Given the emphasis on fiscal consolidation, the Finance Ministry intends to design sector specific strategy to boost the indirect tax collection.

Meanwhile, higher refunds under duty drawback schemes have affected tax collection during first six months (April-September) of the current fiscal.

The Government has targeted Rs 5.05 lakh crore mop-up through indirect taxes (customs duty, excise duty and service tax) during the current fiscal. This requires a growth rate of 27 per cent.

However, in the first six months, it has managed to collect Rs 2.17 lakh crore, a growth rate of just over 15.5 per cent.

“An exercise is underway to analyse sector wise collections of indirect taxes. Accordingly, sector specific moves will be initiated,” a senior Finance Ministry official told Business Line .

While excise and customs duty collections are below expectations, service tax has been providing some comfort.

He did admit that it was difficult to pinpoint a particular sector or set of sectors for lower than expected growth of collections, but said there was still some room available for better tax compliance and that efforts will be made in that direction.

IIP data for August showed that sectors such as mining, consumer goods and intermediate goods have done well while capital goods has still to recover.

However, refund under duty drawback is proving to be a headache.

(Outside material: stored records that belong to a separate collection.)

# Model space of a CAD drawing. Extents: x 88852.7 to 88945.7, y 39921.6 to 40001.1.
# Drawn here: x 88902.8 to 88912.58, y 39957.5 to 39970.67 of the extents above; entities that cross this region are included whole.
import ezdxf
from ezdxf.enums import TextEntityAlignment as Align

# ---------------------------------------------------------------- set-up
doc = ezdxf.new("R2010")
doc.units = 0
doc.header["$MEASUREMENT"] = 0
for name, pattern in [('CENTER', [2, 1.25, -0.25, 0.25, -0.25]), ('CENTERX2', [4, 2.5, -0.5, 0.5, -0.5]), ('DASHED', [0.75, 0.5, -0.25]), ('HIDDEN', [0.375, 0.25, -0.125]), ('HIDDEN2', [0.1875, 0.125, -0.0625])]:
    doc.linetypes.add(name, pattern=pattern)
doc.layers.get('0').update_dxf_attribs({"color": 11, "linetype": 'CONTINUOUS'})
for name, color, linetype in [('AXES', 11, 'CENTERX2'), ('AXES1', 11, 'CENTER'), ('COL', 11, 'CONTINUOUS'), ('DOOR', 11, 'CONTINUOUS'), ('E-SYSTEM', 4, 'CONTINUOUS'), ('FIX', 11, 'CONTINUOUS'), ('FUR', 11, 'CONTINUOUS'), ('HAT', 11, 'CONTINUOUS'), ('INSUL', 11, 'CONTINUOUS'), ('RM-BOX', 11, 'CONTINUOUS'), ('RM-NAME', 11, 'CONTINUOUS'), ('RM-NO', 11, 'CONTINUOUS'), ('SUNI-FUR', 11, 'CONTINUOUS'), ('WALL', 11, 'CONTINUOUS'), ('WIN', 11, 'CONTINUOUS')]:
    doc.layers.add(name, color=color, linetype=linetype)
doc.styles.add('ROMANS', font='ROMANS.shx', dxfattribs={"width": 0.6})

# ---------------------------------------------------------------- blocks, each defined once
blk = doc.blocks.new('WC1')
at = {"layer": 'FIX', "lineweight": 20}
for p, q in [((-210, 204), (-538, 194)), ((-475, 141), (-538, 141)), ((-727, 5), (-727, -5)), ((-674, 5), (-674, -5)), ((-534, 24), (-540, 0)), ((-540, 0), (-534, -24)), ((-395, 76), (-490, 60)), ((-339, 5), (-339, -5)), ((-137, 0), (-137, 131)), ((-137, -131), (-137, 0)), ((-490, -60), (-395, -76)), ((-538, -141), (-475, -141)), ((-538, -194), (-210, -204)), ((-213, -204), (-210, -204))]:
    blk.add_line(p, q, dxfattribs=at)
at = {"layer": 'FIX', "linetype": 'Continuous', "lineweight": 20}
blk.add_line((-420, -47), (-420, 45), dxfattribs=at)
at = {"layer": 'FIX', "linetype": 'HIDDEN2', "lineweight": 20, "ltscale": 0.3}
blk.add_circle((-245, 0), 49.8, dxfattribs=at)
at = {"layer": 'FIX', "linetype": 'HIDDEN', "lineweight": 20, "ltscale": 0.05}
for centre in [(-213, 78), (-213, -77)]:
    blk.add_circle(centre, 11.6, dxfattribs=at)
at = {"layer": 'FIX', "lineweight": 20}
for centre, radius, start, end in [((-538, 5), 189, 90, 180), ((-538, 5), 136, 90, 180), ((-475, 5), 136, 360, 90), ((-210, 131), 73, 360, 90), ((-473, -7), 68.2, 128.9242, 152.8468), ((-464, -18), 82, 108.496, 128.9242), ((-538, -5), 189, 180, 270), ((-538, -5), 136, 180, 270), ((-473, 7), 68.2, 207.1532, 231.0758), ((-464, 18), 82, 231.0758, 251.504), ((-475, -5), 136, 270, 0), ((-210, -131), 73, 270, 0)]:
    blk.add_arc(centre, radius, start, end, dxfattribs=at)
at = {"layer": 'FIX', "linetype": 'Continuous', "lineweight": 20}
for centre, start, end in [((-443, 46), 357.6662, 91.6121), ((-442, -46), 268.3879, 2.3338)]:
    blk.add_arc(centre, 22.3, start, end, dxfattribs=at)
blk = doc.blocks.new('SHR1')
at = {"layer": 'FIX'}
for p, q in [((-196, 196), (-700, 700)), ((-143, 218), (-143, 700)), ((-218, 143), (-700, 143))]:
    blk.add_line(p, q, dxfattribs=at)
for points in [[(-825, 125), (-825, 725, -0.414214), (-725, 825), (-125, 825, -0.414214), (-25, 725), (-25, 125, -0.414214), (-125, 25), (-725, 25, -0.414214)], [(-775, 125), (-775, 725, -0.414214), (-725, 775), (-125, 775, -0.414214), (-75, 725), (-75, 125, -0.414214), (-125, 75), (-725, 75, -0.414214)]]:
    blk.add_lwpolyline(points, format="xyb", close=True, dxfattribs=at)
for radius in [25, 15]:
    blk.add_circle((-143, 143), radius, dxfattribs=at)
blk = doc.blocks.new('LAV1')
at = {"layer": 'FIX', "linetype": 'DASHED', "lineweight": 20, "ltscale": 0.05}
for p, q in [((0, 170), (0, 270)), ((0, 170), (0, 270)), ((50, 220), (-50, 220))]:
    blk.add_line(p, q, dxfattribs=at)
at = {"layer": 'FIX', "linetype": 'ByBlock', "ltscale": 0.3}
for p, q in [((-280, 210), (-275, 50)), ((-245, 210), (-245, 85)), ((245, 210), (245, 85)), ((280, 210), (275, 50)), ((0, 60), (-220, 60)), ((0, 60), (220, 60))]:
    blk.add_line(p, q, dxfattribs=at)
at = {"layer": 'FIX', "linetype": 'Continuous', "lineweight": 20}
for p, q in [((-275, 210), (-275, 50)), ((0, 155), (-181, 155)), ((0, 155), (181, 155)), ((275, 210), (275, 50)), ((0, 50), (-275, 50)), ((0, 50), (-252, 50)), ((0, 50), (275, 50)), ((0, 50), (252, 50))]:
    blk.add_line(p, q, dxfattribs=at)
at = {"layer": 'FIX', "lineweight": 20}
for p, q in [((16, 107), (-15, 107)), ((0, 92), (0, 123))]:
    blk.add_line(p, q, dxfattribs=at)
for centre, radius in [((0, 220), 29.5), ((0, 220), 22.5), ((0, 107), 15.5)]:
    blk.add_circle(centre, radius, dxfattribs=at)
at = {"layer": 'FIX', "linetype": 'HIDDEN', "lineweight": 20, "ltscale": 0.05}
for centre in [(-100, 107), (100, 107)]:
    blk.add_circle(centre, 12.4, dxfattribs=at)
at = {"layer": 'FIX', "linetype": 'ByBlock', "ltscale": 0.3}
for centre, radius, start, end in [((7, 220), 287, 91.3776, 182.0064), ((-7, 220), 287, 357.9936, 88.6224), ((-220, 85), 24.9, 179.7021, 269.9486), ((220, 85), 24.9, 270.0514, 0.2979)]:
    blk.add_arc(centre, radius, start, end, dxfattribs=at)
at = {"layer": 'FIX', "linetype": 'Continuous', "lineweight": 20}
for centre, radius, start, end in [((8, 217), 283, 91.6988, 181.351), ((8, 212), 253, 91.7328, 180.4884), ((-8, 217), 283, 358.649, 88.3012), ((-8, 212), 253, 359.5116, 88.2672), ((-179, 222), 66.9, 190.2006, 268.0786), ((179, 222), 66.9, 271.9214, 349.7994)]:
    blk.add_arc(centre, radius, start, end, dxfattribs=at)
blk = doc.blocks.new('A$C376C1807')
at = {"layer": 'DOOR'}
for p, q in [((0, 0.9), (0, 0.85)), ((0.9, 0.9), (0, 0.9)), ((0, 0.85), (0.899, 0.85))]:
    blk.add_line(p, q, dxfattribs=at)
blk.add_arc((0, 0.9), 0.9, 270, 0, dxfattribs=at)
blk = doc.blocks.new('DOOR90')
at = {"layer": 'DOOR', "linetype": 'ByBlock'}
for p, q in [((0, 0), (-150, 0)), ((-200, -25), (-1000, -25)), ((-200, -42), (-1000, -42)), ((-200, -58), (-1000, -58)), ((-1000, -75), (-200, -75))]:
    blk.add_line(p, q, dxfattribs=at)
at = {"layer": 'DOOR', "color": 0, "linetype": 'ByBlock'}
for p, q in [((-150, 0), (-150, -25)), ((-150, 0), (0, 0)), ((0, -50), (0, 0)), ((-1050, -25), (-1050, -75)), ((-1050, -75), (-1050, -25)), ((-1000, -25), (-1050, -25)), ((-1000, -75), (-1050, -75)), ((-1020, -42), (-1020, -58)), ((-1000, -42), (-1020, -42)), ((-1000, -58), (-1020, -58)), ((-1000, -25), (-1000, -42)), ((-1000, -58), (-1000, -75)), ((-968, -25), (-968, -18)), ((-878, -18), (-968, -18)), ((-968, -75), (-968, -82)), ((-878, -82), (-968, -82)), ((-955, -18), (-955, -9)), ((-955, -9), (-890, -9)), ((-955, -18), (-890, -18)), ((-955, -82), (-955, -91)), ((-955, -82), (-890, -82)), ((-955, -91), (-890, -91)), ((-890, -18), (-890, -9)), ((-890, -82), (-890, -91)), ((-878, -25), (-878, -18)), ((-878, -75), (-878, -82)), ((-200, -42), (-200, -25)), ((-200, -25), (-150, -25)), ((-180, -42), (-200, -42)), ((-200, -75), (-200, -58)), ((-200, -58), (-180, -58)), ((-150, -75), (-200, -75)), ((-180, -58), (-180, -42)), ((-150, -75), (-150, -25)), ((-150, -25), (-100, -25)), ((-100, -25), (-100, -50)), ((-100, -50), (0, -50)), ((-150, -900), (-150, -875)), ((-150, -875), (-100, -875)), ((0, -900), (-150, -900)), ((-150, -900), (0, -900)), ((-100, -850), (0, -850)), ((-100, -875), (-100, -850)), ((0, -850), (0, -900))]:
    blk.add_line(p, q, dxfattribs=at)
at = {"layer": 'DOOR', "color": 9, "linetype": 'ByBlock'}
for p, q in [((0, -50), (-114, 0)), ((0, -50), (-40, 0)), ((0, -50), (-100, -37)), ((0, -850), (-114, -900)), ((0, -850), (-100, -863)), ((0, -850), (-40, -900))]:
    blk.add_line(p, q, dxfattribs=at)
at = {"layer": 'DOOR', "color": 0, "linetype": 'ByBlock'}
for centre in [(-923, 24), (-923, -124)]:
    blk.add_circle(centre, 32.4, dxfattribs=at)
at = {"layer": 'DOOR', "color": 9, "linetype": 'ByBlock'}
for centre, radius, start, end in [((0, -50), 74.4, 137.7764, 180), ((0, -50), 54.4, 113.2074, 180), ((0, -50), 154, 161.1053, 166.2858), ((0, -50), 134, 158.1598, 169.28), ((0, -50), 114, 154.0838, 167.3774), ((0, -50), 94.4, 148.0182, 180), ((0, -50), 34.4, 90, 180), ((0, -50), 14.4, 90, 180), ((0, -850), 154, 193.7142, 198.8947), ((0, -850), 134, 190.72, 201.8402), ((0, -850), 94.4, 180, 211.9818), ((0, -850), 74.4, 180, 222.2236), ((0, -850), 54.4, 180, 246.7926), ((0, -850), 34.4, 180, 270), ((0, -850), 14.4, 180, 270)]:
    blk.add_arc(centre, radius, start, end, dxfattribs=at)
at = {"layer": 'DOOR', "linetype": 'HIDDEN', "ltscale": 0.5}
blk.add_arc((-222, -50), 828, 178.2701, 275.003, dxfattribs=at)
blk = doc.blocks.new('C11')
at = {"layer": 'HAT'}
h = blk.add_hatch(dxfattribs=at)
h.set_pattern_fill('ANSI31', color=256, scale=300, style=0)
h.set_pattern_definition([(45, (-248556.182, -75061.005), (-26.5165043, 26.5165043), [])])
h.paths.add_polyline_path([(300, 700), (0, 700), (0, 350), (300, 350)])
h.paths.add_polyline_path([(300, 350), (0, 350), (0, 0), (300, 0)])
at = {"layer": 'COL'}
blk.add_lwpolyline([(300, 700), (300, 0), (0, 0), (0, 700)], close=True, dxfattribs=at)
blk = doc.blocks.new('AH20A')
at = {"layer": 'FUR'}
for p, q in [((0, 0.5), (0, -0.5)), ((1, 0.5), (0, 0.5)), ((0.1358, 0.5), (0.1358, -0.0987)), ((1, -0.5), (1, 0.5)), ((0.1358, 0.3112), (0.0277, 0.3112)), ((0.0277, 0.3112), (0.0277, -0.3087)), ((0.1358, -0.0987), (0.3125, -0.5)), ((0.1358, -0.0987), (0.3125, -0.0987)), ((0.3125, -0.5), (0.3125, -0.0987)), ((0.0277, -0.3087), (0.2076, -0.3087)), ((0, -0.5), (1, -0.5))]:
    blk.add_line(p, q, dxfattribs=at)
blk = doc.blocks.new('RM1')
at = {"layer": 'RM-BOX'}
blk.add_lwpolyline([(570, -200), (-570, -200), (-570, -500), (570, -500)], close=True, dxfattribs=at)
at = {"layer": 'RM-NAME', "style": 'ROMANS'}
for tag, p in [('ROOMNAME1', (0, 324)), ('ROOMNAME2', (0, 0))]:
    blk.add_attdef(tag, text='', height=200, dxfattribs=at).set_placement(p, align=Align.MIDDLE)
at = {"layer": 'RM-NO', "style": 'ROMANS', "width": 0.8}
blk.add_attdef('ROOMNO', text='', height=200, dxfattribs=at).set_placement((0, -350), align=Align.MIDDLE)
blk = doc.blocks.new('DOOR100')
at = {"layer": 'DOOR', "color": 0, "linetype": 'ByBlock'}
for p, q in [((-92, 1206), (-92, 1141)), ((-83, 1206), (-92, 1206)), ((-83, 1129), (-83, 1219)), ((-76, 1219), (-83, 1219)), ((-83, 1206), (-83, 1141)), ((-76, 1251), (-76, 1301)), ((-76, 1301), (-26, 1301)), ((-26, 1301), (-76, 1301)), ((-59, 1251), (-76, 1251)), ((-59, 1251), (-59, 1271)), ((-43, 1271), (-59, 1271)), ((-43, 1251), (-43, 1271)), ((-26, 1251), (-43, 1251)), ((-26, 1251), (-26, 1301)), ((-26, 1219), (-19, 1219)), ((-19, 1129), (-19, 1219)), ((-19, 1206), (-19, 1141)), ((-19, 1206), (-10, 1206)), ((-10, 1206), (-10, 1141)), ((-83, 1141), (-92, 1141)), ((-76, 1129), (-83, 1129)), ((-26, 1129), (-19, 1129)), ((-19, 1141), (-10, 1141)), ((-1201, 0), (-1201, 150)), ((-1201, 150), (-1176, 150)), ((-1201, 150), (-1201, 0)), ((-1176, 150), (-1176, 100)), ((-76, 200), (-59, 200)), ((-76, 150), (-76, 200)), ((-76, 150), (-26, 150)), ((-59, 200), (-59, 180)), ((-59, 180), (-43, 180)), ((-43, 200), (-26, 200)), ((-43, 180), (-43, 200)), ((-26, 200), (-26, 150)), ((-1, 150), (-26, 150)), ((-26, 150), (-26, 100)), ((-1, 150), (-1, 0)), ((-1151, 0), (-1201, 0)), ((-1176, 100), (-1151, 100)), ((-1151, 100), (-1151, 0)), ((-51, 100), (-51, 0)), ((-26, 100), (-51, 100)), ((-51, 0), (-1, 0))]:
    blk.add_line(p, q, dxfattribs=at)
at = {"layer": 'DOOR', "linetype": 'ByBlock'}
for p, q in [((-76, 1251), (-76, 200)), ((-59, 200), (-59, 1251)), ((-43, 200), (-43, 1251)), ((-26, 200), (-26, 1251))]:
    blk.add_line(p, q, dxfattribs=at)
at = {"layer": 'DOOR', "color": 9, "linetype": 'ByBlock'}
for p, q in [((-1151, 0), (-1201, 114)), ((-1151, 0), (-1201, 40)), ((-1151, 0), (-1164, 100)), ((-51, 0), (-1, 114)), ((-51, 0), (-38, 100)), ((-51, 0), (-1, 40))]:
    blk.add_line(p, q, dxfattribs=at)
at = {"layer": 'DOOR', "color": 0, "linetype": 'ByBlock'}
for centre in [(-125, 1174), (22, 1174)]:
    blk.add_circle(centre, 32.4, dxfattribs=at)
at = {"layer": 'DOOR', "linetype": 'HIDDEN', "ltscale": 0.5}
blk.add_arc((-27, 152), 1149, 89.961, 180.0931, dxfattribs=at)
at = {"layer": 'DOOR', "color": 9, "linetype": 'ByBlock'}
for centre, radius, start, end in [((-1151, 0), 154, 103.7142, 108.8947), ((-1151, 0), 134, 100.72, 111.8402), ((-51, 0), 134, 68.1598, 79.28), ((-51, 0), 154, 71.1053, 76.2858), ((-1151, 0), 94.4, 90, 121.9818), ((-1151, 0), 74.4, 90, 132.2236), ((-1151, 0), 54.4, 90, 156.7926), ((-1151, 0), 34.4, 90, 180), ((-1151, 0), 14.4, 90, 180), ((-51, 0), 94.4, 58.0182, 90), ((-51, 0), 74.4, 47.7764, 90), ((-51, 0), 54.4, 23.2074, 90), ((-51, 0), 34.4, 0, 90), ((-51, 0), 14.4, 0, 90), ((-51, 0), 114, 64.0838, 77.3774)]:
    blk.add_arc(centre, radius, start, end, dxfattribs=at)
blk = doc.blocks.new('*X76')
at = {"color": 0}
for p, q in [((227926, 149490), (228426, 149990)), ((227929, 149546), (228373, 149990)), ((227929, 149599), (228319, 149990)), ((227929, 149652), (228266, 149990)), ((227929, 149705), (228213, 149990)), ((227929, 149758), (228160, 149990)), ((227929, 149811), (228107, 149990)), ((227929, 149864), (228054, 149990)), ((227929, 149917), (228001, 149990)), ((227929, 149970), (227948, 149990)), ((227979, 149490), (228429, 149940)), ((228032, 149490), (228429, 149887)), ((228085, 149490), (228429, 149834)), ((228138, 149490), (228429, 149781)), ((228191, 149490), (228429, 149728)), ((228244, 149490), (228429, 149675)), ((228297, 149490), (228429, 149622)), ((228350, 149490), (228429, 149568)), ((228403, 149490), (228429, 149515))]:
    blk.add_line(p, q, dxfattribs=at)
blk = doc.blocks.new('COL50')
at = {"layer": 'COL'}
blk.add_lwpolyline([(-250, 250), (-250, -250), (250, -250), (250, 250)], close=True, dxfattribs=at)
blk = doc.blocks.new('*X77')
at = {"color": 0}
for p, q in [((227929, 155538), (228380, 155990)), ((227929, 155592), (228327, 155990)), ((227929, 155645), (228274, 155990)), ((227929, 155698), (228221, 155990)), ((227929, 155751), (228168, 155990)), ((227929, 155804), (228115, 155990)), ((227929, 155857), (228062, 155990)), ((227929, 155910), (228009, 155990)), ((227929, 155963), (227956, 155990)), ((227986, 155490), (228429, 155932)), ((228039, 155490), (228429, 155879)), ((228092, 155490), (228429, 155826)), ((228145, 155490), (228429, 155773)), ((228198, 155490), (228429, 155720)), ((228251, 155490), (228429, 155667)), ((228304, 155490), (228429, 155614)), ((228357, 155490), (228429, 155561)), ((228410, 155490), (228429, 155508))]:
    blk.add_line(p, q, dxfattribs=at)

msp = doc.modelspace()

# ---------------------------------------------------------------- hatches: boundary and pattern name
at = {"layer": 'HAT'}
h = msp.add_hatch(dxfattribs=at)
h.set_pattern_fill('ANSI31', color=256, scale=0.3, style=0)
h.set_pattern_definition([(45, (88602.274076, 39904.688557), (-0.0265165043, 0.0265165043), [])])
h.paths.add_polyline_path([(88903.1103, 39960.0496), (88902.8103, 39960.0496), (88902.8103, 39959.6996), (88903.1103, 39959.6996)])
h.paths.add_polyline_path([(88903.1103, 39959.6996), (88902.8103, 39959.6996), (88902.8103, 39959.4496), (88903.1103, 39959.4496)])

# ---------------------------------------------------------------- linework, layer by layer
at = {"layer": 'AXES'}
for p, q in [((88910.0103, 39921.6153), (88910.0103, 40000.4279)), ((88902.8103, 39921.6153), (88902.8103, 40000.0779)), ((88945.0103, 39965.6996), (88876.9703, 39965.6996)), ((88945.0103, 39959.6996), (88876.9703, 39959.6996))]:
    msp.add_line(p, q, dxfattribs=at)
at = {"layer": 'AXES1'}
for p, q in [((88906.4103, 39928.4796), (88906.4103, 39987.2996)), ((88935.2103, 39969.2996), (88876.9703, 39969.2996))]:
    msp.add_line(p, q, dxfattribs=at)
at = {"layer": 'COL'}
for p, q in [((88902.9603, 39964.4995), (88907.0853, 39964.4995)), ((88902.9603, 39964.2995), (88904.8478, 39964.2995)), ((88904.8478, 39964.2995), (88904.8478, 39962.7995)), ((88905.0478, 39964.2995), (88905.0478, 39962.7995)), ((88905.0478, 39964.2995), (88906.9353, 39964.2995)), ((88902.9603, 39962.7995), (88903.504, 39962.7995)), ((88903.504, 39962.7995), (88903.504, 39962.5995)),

The official said, “The refunds under duty drawback have gone up to approximately Rs 8,500 crore in the first six months as against Rs 3,500 crore during the corresponding period last year.”

The drawback scheme was redesigned last October, with the scrapping of the Duty Entitlement Passbook Scheme (DEPB).

The official explained that after the closure of DEPB on September 30, 2011, nearly 1,100 goods were added to the list of those eligible for duty drawback, which went up to nearly 4,000 goods. This increased total refunds.

It may be recalled that under the drawback scheme, refund has to be made within 20 days, while scrips under DEPB could have been used any time.

Apart from industrial slowdown and higher refunds, last year’s duty cuts on crude and petroleum products are still impacting the indirect tax collection.

But the Finance Ministry is hopeful that impact of duty cuts might neutralise during the last quarter (January-March, 2013) of the current fiscal and this will have a positive impact on overall indirect tax collection.